Materials and Methods
Two hundred twelve patients with osteoporosis were treated with alendronate. One hundred sixty-two patients were excluded because of early discontinuation. Thus, 50 patients were included in the analysis.
Results
The annual increase in BMD in patients taking alendronate was 7.2% (1st year), 3.4%, 2.0%, and 0.9% (4th year) in the L-spine, and 2.2%, 1.5%, -0.9%, and 0.9% in the femur. The changes in BMD of patients< 60 years of age were 2.1% in the L-spine and 3.4% in the femur.

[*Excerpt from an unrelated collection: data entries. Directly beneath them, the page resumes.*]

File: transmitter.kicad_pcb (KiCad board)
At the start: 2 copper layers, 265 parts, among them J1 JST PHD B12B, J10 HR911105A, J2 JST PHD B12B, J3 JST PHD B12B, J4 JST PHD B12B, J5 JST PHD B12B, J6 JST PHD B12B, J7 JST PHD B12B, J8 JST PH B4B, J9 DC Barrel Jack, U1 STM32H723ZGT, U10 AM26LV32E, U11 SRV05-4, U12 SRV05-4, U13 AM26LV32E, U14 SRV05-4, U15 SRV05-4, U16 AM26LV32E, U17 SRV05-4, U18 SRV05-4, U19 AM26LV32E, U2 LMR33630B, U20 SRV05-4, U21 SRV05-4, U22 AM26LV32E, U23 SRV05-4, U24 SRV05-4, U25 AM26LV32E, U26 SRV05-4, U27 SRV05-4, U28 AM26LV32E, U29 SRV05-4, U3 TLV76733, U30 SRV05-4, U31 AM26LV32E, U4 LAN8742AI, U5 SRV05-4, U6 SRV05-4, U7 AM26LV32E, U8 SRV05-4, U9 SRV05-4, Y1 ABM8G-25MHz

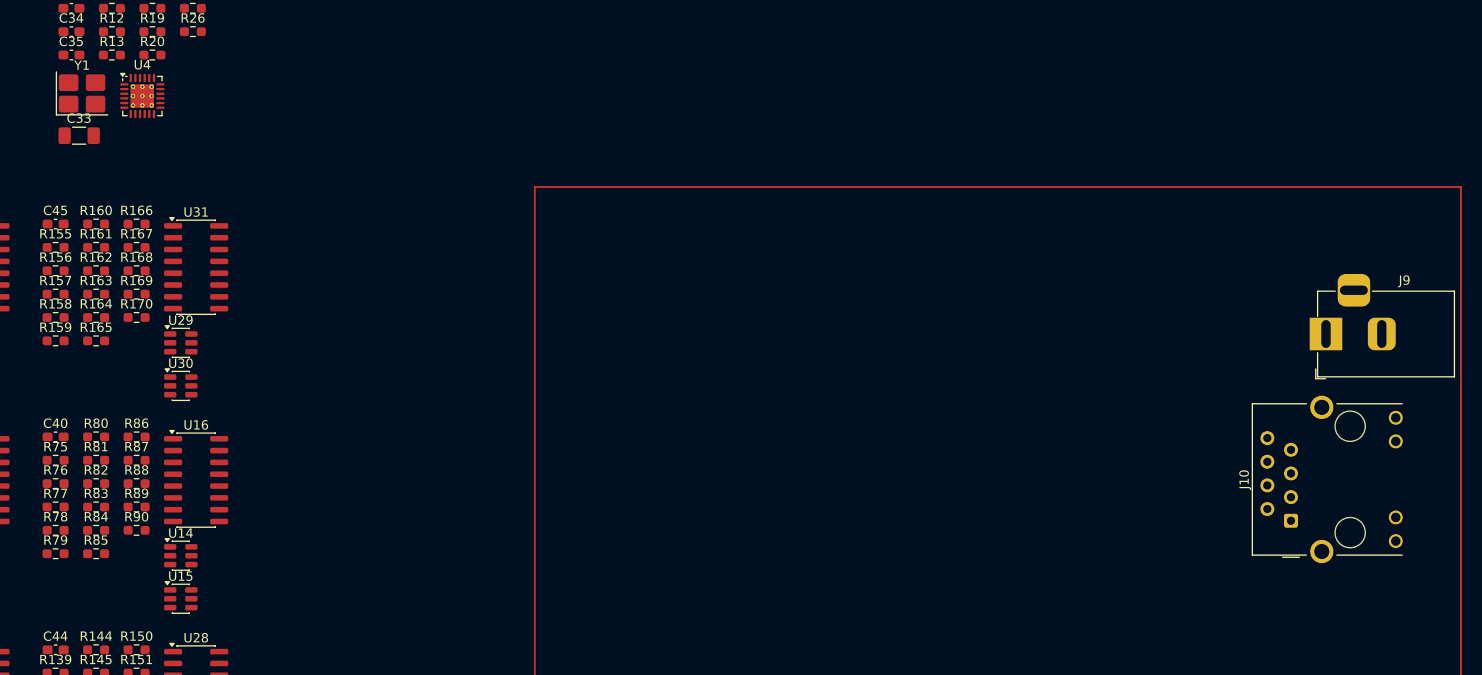
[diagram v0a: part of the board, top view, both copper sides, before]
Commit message: Updated power connector
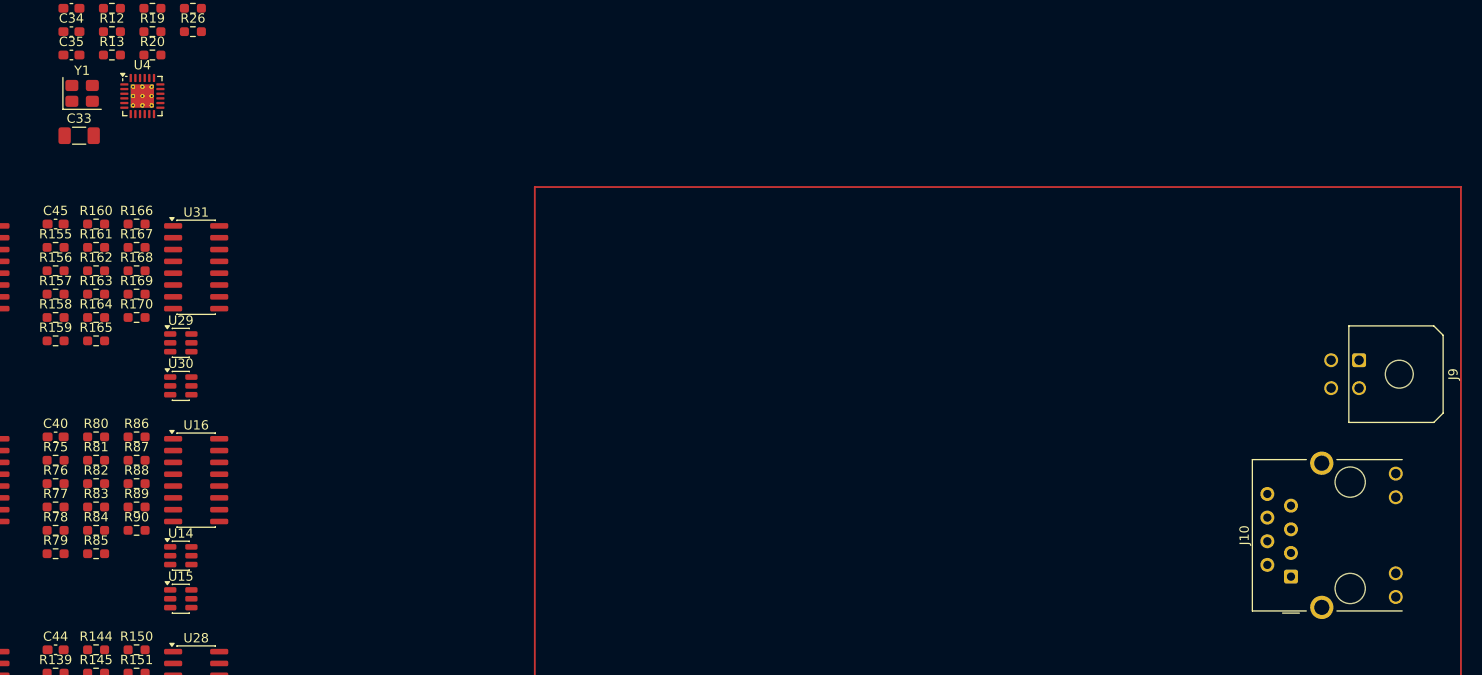
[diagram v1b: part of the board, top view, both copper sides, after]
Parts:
- J9: value DC Barrel Jack -> Power MX 3.0; footprint Connector_BarrelJack:BarrelJack_Horizontal -> Connector_Molex:Molex_Micro-Fit_3.0_43045-0400_2x02_P3.00mm_Horizontal
- Y1: footprint Crystal:Crystal_SMD_3225-4Pin_3.2x2.5mm_HandSoldering -> Crystal:Crystal_SMD_3225-4Pin_3.2x2.5mm
- moved J10 6.00 mm to (231.7, 91.9)
- moved J9 4.53 mm to (239.1, 68.6), turned to -90 degrees
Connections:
- J9 pad 2: GND -> VDD
- J9 pad 3: (no net) -> GND

The BMD of patients between 60 and 69 years of age increased 6.3% and 0.5% in the L-spine and femur, respectively, and the BMD of patients >70 of age were 2.9% and 1.2% in the L-spine and femur, respectively. The BMD changes in patients with a T-score< -4.0 were 7.0% (L-spine) and 1.2% (femur), the BMD changes in patients with a T-score between -3.0 and -3.9 were 5.3% and 0.2% for the Lspine and femur, respectively, and the BMD changes in patients with a T-score >3.0 were 2.5% and 3.1% for the Lspine and femur, respectively. The reasons for early discontinuation of alendronate were difficulty in intake, economic reasons, and adverse events.
Conclusion
The BMD changes were greater in the L-spine than the femu in alendronate users. At the first year, the changes in BMD was greatest. There was no significant difference in BMD change according to age. In the Lspine, however, BMD changes were greater in the group with lower T-scores. The early discontinuance rate was 74%, and the adverse events rate was 19.8%.